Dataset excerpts

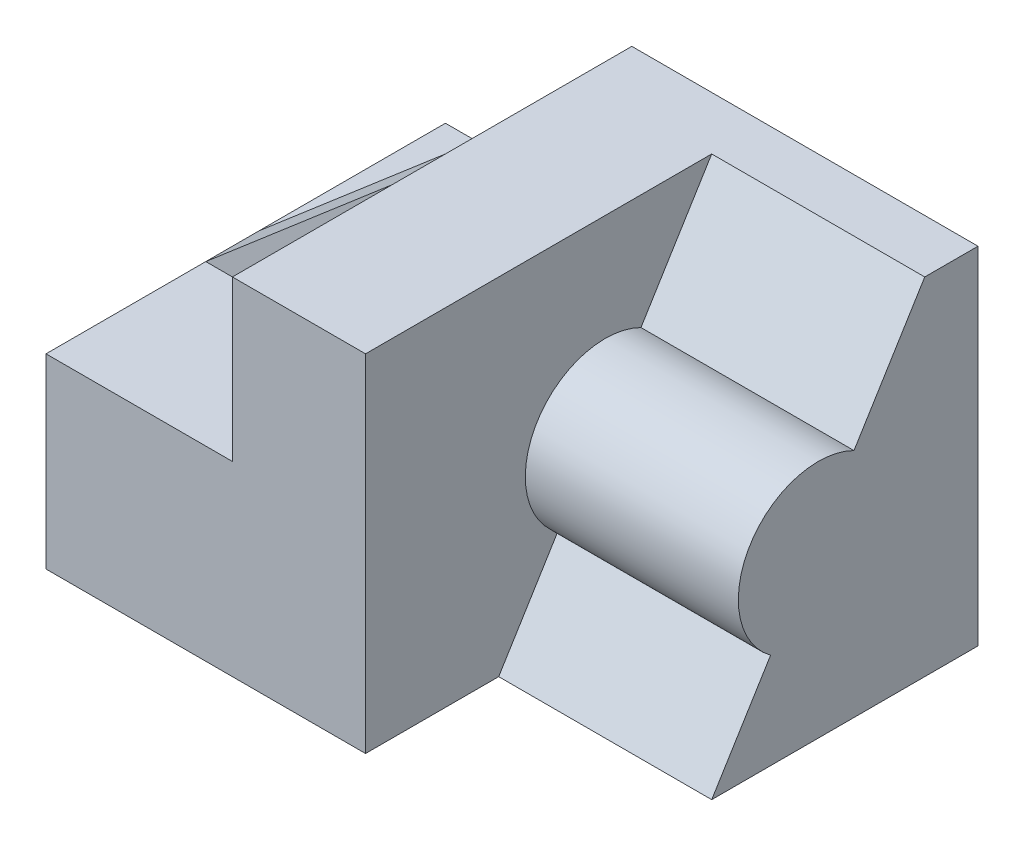
SolidWorks part; units mm, degrees
ref_plane "Plano frontal" through (0, 0, 0) normal (0, 0, 1) x (1, 0, 0)
ref_plane "Plano superior" through (0, 0, 0) normal (0, 1, 0) x (1, 0, 0)
ref_plane "Plano direito" through (0, 0, 0) normal (1, 0, 0) x (0, 0, -1)
sketch "Esboço2" plane through (0, 0, 0) normal (0, 0, 1) x (1, 0, 0)
  line L0 (-60, 35) -> (-60, 0)
  line L1 (-60, 0) -> (0, 0)
  line L2 (0, 0) -> (0, 65)
  line L3 (0, 65) -> (-25, 65)
  line L4 (-25, 65) -> (-25, 35)
  line L5 (-25, 35) -> (-60, 35)
  point P4 (0, 0)
  dimension "D1" = 35
  dimension "D2" = 60
  dimension "D3" = 35
  dimension "D4" = 65
extrude "Ressalto-extrusão1" add sketch "Esboço2" against normal blind 75
sketch "Esboço3" plane through (0, 0, 0) normal (1, 0, 0) x (0, 0, -1)
  line L0 (65, 65) -> (51.7155, 43.4127)
  line L1 (75, 65) -> (0, 65) construction
  line L2 (75, 0) -> (0, 0) construction
  line L3 (36.0527, 17.9606) -> (25, 0)
  line L4 (65, 65) -> (75, 65)
  line L5 (75, 65) -> (75, 0)
  line L6 (75, 0) -> (25, 0)
  arc A0 (51.7155, 43.4127) -> (36.0527, 17.9606) centre (45, 30) ccw
  dimension "D3" = 30
  dimension "D1" = 10
  dimension "D2" = 25
  dimension "D4" = 20
  dimension "D5" = 30
extrude "Ressalto-extrusão2" add sketch "Esboço3" along normal blind 40
sketch "Esboço4" plane through (-25, 0, 0) normal (-1, 0, 0) x (0, 0, 1)
  line L0 (-40, 35) -> (-30, 35)
  line L1 (-75, 35) -> (0, 35) construction
  line L2 (-30, 35) -> (-30, 65)
  line L3 (-75, 65) -> (0, 65) construction
  line L4 (-30, 65) -> (-40, 65)
  line L5 (-40, 65) -> (-40, 35)
  line L6 (0, 65) -> (0, 35) construction
  dimension "D1" = 10
  dimension "D2" = 30
extrude "Ressalto-extrusão3" add sketch "Esboço4" along normal blind 35
sketch "Esboço6" plane through (0, 0, -30) normal (0, 0, 1) x (1, 0, 0)
  line L0 (-25, 65) -> (-60, 35)
  line L1 (-25, 65) -> (-60, 65)
  line L2 (-60, 65) -> (-60, 35)
extrude "Corte-extrusão1" cut sketch "Esboço6" against normal up to next

__WHAT THE EXERCISE ASKS__. Reproduce the entries above exactly, though not their pictures.

__SOLVED EXERCISE__.
SolidWorks part; units mm, degrees
ref_plane "Plano frontal" through (0, 0, 0) normal (0, 0, 1) x (1, 0, 0)
ref_plane "Plano superior" through (0, 0, 0) normal (0, 1, 0) x (1, 0, 0)
ref_plane "Plano direito" through (0, 0, 0) normal (1, 0, 0) x (0, 0, -1)
sketch "Esboço2" plane through (0, 0, 0) normal (0, 0, 1) x (1, 0, 0)
  line L0 (-60, 35) -> (-60, 0)
  line L1 (-60, 0) -> (0, 0)
  line L2 (0, 0) -> (0, 65)
  line L3 (0, 65) -> (-25, 65)
  line L4 (-25, 65) -> (-25, 35)
  line L5 (-25, 35) -> (-60, 35)
  point P4 (0, 0)
  dimension "D1" = 35
  dimension "D2" = 60
  dimension "D3" = 35
  dimension "D4" = 65
extrude "Ressalto-extrusão1" add sketch "Esboço2" against normal blind 75
sketch "Esboço3" plane through (0, 0, 0) normal (1, 0, 0) x (0, 0, -1)
  line L0 (65, 65) -> (51.7155, 43.4127)
  line L1 (75, 65) -> (0, 65) construction
  line L2 (75, 0) -> (0, 0) construction
  line L3 (36.0527, 17.9606) -> (25, 0)
  line L4 (65, 65) -> (75, 65)
  line L5 (75, 65) -> (75, 0)
  line L6 (75, 0) -> (25, 0)
  arc A0 (51.7155, 43.4127) -> (36.0527, 17.9606) centre (45, 30) ccw
  dimension "D3" = 30
  dimension "D1" = 10
  dimension "D2" = 25
  dimension "D4" = 20
  dimension "D5" = 30
extrude "Ressalto-extrusão2" add sketch "Esboço3" along normal blind 40
sketch "Esboço4" plane through (-25, 0, 0) normal (-1, 0, 0) x (0, 0, 1)
  line L0 (-40, 35) -> (-30, 35)
  line L1 (-75, 35) -> (0, 35) construction
  line L2 (-30, 35) -> (-30, 65)
  line L3 (-75, 65) -> (0, 65) construction
  line L4 (-30, 65) -> (-40, 65)
  line L5 (-40, 65) -> (-40, 35)
  line L6 (0, 65) -> (0, 35) construction
  dimension "D1" = 10
  dimension "D2" = 30
extrude "Ressalto-extrusão3" add sketch "Esboço4" along normal blind 35
sketch "Esboço6" plane through (0, 0, -30) normal (0, 0, 1) x (1, 0, 0)
  line L0 (-25, 65) -> (-60, 35)
  line L1 (-25, 65) -> (-60, 65)
  line L2 (-60, 65) -> (-60, 35)
extrude "Corte-extrusão1" cut sketch "Esboço6" against normal up to next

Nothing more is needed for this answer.